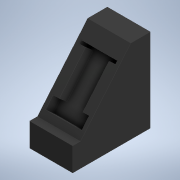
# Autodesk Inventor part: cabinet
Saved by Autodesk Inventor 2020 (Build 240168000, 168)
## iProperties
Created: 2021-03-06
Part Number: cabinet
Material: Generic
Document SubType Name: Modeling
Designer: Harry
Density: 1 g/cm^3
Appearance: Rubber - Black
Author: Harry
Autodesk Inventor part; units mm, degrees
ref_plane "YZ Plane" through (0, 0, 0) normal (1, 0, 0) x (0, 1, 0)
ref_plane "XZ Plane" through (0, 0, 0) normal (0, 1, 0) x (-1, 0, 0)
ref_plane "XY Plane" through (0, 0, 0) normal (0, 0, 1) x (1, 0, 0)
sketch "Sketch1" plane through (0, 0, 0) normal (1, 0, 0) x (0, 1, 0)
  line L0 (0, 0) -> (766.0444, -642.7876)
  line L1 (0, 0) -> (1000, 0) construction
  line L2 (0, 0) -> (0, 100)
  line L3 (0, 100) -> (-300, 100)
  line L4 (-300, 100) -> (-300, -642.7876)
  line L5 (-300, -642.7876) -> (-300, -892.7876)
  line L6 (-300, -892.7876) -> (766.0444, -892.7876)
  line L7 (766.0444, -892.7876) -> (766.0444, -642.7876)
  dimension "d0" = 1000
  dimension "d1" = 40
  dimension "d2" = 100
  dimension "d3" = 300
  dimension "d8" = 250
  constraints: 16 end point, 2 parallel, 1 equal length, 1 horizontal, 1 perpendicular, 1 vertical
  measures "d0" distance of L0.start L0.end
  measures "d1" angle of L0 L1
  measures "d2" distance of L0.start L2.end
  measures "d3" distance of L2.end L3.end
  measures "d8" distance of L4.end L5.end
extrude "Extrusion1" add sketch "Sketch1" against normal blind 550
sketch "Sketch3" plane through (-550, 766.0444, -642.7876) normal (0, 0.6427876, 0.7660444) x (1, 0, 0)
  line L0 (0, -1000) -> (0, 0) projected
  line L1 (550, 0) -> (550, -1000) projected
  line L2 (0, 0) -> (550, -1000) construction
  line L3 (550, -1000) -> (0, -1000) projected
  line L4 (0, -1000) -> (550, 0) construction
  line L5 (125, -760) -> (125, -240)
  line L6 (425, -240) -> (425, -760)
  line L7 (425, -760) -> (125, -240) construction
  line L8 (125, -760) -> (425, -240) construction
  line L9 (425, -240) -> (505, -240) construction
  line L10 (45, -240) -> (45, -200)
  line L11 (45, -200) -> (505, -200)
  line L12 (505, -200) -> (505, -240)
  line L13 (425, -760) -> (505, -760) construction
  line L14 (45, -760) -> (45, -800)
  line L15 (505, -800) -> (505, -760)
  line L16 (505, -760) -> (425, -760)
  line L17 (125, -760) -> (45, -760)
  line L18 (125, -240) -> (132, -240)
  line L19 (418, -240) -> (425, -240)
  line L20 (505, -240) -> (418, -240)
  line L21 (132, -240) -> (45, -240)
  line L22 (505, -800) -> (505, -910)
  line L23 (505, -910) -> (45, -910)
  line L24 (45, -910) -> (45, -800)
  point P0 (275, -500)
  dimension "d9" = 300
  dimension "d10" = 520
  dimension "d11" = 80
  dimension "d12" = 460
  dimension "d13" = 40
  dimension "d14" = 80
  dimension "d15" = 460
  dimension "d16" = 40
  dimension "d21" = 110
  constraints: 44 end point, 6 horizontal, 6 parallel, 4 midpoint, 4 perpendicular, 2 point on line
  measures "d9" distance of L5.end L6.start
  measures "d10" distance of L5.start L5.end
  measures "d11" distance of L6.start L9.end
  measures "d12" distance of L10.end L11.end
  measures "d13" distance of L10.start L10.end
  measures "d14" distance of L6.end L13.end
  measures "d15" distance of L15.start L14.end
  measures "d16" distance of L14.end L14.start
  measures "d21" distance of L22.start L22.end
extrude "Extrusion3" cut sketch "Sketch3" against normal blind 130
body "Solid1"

▶ [EXERCISE DIRECTIONS] Please find every line in the listing that holds the string "cabinet" and copy it.

▶ [TASK RESULT]
# Autodesk Inventor part: cabinet
Part Number: cabinet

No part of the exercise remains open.